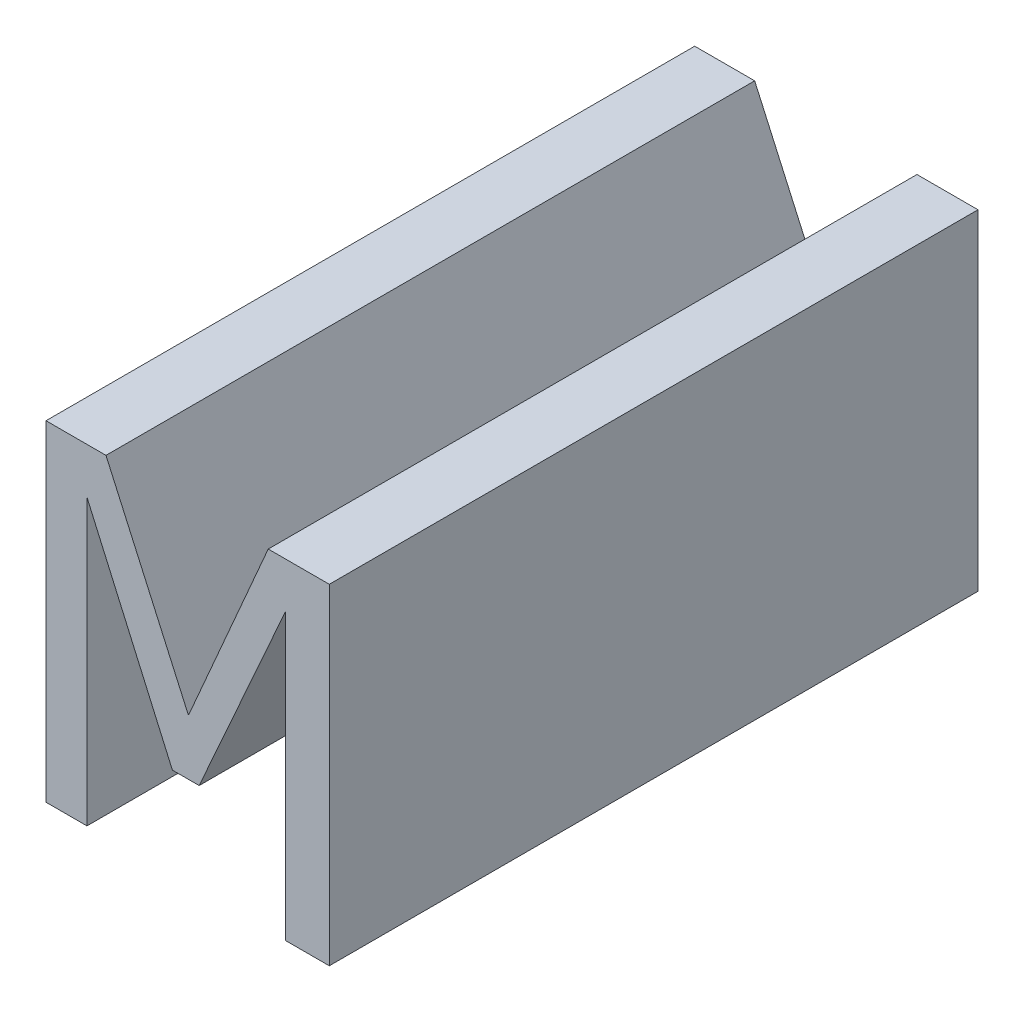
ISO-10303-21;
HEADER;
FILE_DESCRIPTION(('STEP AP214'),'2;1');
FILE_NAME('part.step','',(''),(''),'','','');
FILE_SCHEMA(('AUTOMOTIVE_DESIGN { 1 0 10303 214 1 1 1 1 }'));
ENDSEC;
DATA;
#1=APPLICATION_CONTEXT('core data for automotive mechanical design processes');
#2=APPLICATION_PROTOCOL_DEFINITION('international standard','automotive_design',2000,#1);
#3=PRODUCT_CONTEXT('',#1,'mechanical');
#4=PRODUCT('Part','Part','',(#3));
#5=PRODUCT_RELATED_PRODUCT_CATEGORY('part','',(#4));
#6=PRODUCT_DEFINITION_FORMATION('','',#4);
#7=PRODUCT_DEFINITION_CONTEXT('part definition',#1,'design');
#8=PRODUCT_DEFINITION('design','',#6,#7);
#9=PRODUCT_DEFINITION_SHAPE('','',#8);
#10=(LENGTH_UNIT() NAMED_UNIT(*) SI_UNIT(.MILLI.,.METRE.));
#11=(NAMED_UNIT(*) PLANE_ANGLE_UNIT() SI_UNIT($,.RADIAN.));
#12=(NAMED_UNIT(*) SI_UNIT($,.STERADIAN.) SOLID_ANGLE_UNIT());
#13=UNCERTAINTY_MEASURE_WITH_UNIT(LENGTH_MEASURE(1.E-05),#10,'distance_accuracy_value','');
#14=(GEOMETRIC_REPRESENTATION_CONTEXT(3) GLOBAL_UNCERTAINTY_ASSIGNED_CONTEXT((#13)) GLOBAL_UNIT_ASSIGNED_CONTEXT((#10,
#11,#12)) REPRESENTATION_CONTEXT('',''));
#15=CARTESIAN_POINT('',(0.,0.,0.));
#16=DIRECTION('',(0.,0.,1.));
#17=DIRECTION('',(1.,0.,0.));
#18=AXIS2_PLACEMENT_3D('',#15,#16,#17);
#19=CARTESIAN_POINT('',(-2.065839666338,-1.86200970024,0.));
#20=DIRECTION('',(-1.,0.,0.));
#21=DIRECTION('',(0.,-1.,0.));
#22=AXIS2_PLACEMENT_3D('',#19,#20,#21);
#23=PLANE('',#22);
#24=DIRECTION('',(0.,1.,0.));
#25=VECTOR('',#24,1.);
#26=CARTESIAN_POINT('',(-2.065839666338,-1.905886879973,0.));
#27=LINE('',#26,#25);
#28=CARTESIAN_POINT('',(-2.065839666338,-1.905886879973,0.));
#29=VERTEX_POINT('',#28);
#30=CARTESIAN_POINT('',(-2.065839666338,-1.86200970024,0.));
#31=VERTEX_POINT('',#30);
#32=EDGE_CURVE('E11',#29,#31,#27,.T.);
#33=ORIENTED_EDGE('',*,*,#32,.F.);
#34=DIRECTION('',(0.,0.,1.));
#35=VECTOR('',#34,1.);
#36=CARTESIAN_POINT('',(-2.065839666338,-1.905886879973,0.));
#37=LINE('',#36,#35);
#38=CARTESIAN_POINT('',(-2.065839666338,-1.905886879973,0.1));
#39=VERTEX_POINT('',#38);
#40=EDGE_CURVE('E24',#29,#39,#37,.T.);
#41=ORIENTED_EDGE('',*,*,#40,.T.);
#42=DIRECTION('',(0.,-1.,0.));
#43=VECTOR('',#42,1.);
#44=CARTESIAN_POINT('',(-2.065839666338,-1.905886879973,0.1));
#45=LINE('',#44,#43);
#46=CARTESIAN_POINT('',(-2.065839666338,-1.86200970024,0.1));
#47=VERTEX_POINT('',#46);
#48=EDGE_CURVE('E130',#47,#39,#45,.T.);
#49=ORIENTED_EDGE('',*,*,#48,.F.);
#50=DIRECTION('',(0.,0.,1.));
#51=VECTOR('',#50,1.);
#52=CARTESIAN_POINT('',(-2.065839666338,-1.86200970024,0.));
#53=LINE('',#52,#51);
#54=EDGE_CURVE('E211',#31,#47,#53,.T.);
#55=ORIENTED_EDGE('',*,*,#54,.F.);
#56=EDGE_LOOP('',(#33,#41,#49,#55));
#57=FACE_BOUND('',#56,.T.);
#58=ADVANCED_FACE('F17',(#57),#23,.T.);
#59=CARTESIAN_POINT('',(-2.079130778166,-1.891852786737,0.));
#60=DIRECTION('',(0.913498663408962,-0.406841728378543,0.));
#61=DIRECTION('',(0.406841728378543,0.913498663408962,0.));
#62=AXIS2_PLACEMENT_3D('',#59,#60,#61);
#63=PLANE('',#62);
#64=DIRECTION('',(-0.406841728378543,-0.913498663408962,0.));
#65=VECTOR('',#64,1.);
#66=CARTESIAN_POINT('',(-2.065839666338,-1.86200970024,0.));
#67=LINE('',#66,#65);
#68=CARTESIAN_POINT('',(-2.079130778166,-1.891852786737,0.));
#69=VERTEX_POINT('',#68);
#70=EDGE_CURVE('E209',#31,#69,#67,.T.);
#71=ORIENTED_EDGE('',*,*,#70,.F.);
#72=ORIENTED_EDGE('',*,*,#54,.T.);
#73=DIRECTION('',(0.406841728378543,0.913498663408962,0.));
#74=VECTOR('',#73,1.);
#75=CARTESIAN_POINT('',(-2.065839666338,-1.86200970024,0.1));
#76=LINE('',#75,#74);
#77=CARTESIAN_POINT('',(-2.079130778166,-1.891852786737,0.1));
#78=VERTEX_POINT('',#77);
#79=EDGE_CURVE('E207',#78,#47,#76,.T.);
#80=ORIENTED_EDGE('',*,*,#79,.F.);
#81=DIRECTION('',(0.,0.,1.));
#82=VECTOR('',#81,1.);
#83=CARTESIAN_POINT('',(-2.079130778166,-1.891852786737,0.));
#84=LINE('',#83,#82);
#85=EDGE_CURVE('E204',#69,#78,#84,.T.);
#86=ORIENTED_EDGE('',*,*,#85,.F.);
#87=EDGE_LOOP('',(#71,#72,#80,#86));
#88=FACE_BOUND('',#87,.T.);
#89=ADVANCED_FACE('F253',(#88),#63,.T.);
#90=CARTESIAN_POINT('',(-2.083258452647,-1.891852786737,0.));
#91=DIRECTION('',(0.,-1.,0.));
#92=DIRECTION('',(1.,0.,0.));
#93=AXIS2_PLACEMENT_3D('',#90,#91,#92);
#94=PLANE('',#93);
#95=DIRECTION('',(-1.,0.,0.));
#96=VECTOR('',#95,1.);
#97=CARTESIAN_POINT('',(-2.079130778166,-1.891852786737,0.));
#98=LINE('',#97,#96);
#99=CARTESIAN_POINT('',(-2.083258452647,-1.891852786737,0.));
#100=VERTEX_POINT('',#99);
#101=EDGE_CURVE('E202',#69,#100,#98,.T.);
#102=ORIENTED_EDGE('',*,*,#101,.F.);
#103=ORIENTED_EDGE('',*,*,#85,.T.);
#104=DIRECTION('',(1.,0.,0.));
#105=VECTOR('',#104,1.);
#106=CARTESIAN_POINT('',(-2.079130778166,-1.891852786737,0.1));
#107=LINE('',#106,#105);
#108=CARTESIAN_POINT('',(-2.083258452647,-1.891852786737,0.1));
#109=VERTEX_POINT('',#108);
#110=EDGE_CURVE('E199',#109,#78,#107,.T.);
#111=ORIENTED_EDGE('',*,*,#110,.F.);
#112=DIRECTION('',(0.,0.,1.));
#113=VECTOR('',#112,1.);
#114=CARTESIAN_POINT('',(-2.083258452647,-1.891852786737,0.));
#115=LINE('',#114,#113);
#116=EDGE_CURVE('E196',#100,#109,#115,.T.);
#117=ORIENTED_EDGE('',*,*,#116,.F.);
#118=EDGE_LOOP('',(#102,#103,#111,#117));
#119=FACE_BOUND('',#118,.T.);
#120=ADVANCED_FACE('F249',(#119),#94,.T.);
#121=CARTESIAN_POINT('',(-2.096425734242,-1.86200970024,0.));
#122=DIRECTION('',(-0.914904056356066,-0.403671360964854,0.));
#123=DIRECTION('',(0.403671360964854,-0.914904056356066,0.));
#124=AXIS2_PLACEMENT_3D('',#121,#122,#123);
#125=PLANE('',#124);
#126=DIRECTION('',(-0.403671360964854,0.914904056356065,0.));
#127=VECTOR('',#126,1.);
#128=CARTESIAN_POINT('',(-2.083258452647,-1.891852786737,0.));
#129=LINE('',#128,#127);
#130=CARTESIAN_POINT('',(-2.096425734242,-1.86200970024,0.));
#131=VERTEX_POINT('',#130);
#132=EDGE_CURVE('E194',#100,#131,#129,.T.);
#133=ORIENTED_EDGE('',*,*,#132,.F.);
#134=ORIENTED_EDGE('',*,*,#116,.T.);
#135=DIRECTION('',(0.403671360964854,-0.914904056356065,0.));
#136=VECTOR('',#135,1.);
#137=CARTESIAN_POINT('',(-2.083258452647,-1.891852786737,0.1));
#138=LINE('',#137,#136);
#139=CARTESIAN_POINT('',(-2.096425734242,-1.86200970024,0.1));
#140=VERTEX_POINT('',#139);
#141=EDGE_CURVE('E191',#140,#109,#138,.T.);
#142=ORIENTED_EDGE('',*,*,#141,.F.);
┄┄┄┄┄┄
__ACTIVITY__: Using the listing above, return word for word each line from the one that has "#67=LINE('',#66,#65);" through the one that has "#105=VECTOR('',#104,1.);", and no line outside that range.

__WORKED SOLUTION__:
#67=LINE('',#66,#65);
#68=CARTESIAN_POINT('',(-2.079130778166,-1.891852786737,0.));
#69=VERTEX_POINT('',#68);
#70=EDGE_CURVE('E209',#31,#69,#67,.T.);
#71=ORIENTED_EDGE('',*,*,#70,.F.);
#72=ORIENTED_EDGE('',*,*,#54,.T.);
#73=DIRECTION('',(0.406841728378543,0.913498663408962,0.));
#74=VECTOR('',#73,1.);
#75=CARTESIAN_POINT('',(-2.065839666338,-1.86200970024,0.1));
#76=LINE('',#75,#74);
#77=CARTESIAN_POINT('',(-2.079130778166,-1.891852786737,0.1));
#78=VERTEX_POINT('',#77);
#79=EDGE_CURVE('E207',#78,#47,#76,.T.);
#80=ORIENTED_EDGE('',*,*,#79,.F.);
#81=DIRECTION('',(0.,0.,1.));
#82=VECTOR('',#81,1.);
#83=CARTESIAN_POINT('',(-2.079130778166,-1.891852786737,0.));
#84=LINE('',#83,#82);
#85=EDGE_CURVE('E204',#69,#78,#84,.T.);
#86=ORIENTED_EDGE('',*,*,#85,.F.);
#87=EDGE_LOOP('',(#71,#72,#80,#86));
#88=FACE_BOUND('',#87,.T.);
#89=ADVANCED_FACE('F253',(#88),#63,.T.);
#90=CARTESIAN_POINT('',(-2.083258452647,-1.891852786737,0.));
#91=DIRECTION('',(0.,-1.,0.));
#92=DIRECTION('',(1.,0.,0.));
#93=AXIS2_PLACEMENT_3D('',#90,#91,#92);
#94=PLANE('',#93);
#95=DIRECTION('',(-1.,0.,0.));
#96=VECTOR('',#95,1.);
#97=CARTESIAN_POINT('',(-2.079130778166,-1.891852786737,0.));
#98=LINE('',#97,#96);
#99=CARTESIAN_POINT('',(-2.083258452647,-1.891852786737,0.));
#100=VERTEX_POINT('',#99);
#101=EDGE_CURVE('E202',#69,#100,#98,.T.);
#102=ORIENTED_EDGE('',*,*,#101,.F.);
#103=ORIENTED_EDGE('',*,*,#85,.T.);
#104=DIRECTION('',(1.,0.,0.));
#105=VECTOR('',#104,1.);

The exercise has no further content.